## [Exercise directions]
Where does the string "color" appear in the records? Copy each line that holds it.

[The data]

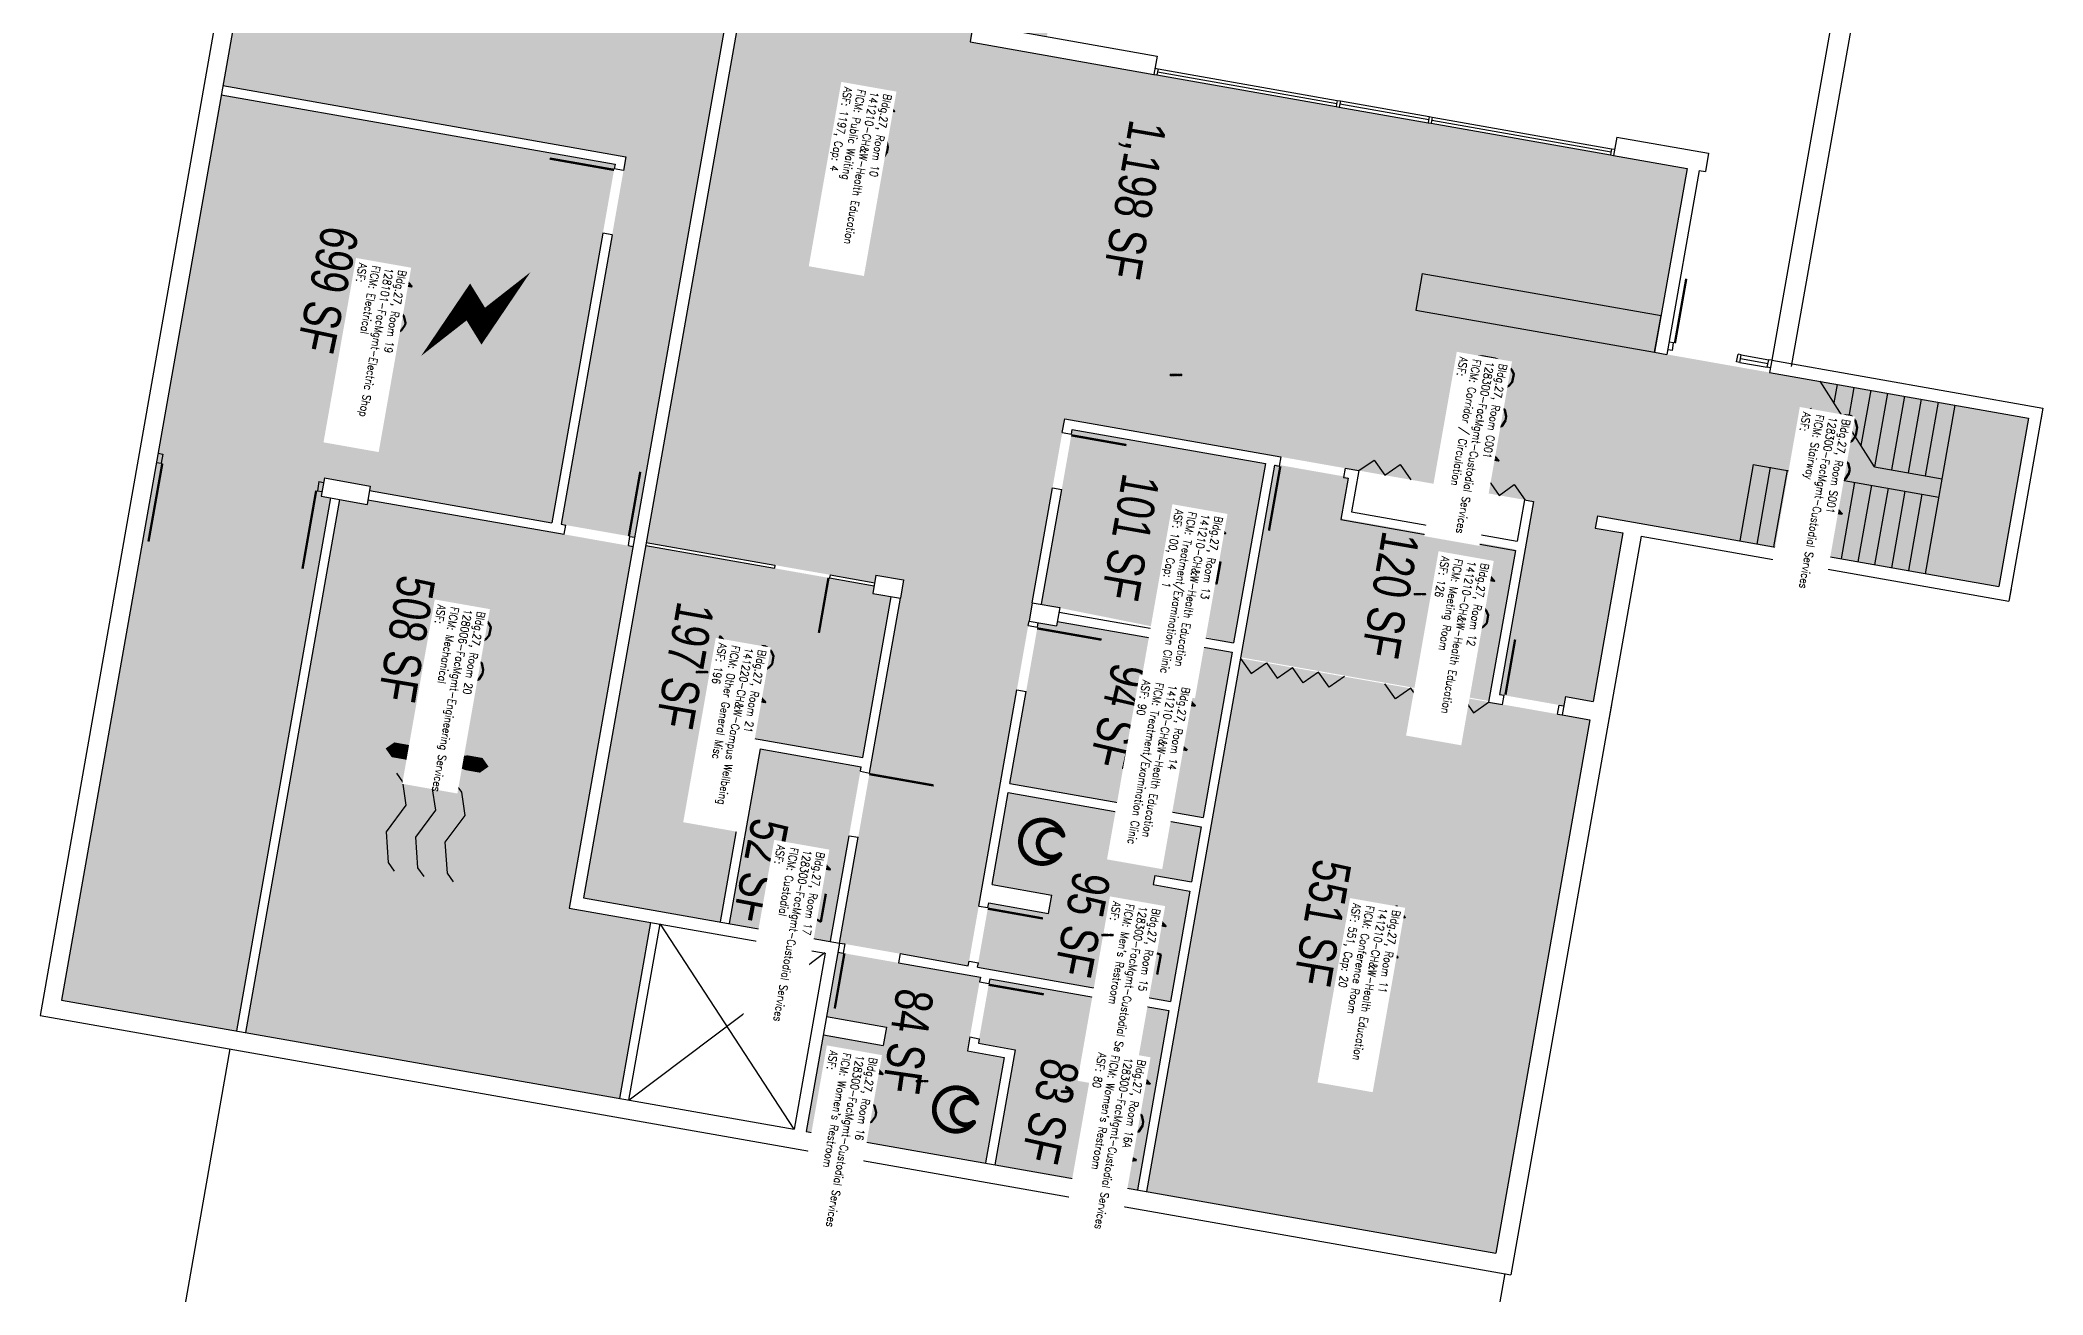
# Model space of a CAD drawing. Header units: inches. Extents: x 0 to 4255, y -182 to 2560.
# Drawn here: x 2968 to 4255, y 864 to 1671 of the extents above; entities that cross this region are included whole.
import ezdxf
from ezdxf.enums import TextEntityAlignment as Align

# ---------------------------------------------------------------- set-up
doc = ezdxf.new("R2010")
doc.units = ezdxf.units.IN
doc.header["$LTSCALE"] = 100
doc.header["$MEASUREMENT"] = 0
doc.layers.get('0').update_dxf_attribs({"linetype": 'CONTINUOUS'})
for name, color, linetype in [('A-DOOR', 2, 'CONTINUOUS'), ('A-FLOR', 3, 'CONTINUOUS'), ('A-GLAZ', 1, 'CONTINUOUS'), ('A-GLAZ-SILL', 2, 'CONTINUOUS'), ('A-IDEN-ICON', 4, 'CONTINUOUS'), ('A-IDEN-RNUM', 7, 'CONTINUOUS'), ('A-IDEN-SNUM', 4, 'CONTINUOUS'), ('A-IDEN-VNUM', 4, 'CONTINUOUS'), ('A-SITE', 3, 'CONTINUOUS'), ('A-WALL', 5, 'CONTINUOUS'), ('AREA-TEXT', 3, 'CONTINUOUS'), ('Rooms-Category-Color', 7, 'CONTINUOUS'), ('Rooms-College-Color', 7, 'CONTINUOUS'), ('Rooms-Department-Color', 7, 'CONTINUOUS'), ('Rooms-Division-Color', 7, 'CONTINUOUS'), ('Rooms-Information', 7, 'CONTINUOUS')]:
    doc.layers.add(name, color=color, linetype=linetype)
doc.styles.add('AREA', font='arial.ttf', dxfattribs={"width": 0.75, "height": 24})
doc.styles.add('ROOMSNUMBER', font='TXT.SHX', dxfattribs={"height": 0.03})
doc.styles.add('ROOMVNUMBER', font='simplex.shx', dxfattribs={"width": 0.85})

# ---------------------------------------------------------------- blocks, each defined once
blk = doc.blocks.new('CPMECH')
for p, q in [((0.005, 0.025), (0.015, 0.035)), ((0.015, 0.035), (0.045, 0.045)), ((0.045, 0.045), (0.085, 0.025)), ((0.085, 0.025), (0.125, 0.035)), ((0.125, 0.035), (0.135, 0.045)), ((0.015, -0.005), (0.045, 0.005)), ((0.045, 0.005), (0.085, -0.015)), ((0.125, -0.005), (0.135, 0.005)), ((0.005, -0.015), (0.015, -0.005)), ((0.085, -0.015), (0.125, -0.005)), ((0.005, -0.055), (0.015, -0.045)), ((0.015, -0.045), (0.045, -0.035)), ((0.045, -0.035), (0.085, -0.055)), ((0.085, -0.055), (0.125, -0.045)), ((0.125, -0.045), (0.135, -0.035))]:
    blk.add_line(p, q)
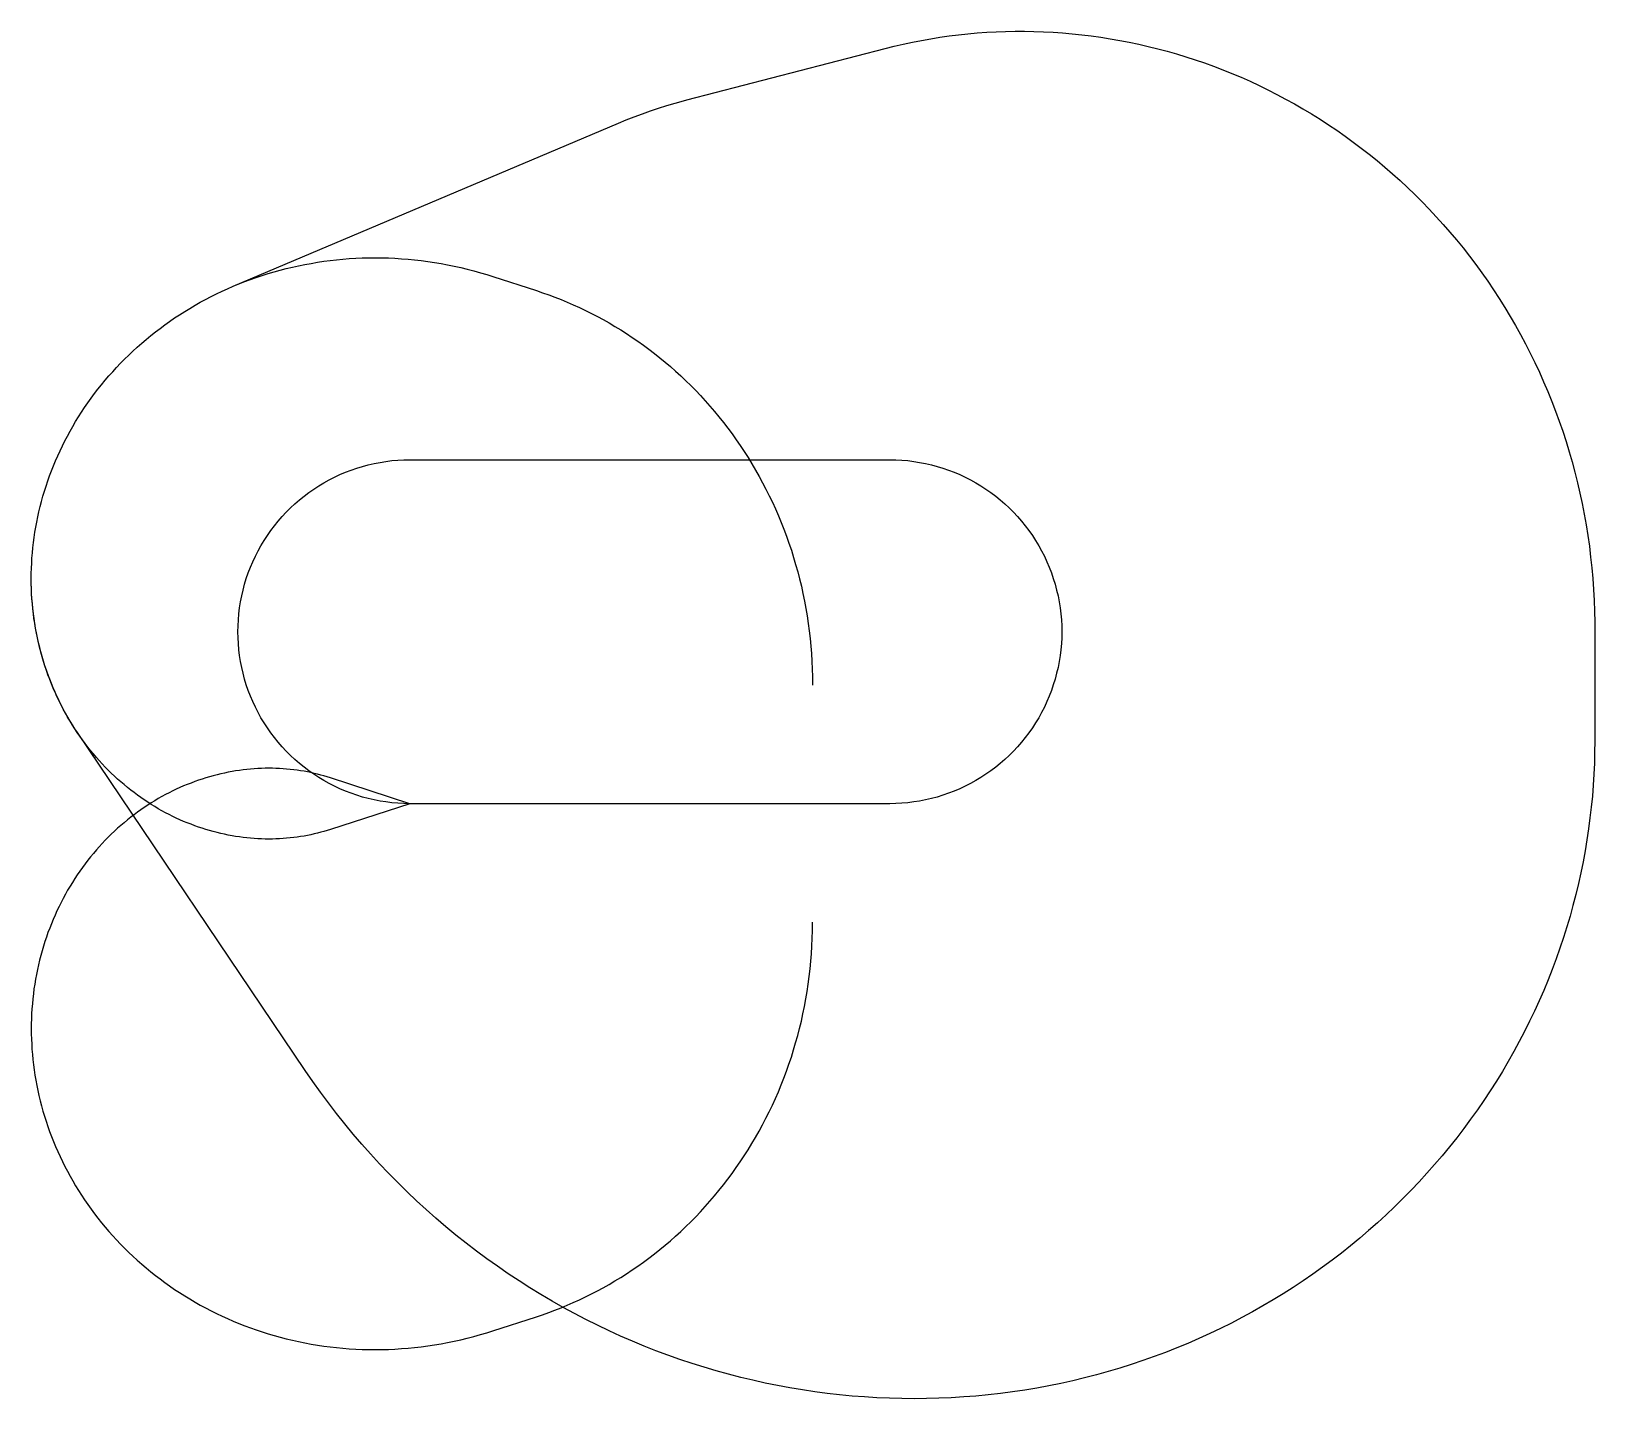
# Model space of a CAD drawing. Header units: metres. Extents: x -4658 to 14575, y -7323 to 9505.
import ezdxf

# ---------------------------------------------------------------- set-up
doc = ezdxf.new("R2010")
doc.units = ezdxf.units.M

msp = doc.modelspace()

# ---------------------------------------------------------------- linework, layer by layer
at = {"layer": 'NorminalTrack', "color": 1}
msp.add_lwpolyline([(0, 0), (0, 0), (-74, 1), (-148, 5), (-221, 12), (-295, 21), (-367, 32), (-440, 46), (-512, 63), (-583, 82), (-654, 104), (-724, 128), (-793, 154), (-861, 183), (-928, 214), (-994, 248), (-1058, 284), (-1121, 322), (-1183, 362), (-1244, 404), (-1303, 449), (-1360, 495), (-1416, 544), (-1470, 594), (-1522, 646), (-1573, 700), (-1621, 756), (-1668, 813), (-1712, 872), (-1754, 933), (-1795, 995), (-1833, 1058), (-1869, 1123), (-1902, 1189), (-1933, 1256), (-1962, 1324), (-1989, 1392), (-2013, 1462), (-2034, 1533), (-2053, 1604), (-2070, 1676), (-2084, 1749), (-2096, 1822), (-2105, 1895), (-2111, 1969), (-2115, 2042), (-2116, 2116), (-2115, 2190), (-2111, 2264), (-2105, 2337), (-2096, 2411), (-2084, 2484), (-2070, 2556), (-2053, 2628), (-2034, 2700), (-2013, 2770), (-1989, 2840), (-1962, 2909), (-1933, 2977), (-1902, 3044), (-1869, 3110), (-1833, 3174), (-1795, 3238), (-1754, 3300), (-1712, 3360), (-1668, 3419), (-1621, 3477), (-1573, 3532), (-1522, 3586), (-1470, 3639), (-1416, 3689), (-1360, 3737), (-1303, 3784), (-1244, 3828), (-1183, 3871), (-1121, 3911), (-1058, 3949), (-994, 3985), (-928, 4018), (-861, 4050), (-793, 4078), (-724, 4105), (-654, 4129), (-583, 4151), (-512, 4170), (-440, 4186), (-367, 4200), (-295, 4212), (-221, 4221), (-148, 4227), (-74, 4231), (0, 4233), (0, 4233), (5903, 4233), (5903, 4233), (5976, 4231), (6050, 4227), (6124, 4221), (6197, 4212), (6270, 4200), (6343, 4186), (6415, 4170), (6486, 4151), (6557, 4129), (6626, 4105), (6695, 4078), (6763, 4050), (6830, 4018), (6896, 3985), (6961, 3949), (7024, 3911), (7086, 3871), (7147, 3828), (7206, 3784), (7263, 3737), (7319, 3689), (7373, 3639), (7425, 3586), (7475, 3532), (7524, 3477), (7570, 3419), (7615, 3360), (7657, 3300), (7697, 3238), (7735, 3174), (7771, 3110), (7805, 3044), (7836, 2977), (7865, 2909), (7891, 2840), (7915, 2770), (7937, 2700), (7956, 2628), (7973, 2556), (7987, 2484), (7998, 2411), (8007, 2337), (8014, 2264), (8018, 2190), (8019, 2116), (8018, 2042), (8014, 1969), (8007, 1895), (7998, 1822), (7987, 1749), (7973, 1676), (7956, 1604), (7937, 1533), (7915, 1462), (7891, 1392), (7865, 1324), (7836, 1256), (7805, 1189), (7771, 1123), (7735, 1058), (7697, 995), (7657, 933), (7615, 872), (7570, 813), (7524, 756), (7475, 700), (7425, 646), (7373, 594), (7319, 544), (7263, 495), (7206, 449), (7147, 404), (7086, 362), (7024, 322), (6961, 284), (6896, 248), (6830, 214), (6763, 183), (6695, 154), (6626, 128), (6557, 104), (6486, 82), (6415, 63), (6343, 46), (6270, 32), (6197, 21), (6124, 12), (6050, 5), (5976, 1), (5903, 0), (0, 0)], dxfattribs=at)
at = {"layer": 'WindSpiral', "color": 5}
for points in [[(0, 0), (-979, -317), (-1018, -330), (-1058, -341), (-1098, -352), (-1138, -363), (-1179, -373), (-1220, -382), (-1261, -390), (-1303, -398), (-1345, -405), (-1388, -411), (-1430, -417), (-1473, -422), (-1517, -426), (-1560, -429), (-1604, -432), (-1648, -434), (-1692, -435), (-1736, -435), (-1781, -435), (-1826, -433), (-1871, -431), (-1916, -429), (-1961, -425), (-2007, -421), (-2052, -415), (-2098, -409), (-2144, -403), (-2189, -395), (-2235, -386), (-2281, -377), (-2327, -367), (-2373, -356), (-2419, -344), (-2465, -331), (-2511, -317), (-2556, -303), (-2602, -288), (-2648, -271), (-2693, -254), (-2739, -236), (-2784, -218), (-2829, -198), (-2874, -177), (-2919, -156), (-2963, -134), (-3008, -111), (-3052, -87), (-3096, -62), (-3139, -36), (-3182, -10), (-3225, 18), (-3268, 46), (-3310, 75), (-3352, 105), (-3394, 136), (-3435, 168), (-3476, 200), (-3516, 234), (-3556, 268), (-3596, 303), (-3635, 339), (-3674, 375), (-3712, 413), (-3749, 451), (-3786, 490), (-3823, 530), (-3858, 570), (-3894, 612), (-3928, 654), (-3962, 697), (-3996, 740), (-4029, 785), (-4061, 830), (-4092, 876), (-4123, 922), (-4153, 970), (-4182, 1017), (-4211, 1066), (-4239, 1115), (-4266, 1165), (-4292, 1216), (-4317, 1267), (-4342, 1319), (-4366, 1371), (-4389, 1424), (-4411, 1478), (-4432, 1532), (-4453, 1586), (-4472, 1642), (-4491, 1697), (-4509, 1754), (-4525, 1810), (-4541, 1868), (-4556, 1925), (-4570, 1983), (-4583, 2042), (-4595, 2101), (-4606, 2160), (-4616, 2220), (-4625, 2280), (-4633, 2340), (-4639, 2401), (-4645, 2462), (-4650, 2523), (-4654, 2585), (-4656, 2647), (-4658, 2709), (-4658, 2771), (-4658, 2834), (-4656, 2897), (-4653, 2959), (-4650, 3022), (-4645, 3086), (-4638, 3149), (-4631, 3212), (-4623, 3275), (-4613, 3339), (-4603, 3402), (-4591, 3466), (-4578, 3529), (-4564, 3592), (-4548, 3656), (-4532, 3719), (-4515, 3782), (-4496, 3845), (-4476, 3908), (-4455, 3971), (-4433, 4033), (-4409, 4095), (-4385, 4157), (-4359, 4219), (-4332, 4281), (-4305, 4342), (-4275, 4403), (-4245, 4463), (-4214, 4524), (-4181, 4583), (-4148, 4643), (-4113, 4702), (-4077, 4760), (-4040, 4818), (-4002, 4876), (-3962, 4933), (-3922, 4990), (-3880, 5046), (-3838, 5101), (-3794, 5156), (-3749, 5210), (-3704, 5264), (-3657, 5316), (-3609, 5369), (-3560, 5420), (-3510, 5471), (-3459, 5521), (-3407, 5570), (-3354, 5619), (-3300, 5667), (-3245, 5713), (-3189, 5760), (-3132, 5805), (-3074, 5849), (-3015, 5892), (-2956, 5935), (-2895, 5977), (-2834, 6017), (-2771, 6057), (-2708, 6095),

[/The data]

## [Task solution]
for name, color, linetype in [('A-DOOR', 2, 'CONTINUOUS'), ('A-FLOR', 3, 'CONTINUOUS'), ('A-GLAZ', 1, 'CONTINUOUS'), ('A-GLAZ-SILL', 2, 'CONTINUOUS'), ('A-IDEN-ICON', 4, 'CONTINUOUS'), ('A-IDEN-RNUM', 7, 'CONTINUOUS'), ('A-IDEN-SNUM', 4, 'CONTINUOUS'), ('A-IDEN-VNUM', 4, 'CONTINUOUS'), ('A-SITE', 3, 'CONTINUOUS'), ('A-WALL', 5, 'CONTINUOUS'), ('AREA-TEXT', 3, 'CONTINUOUS'), ('Rooms-Category-Color', 7, 'CONTINUOUS'), ('Rooms-College-Color', 7, 'CONTINUOUS'), ('Rooms-Department-Color', 7, 'CONTINUOUS'), ('Rooms-Division-Color', 7, 'CONTINUOUS'), ('Rooms-Information', 7, 'CONTINUOUS')]:
    doc.layers.add(name, color=color, linetype=linetype)
at = {"layer": 'NorminalTrack', "color": 1}
at = {"layer": 'WindSpiral', "color": 5}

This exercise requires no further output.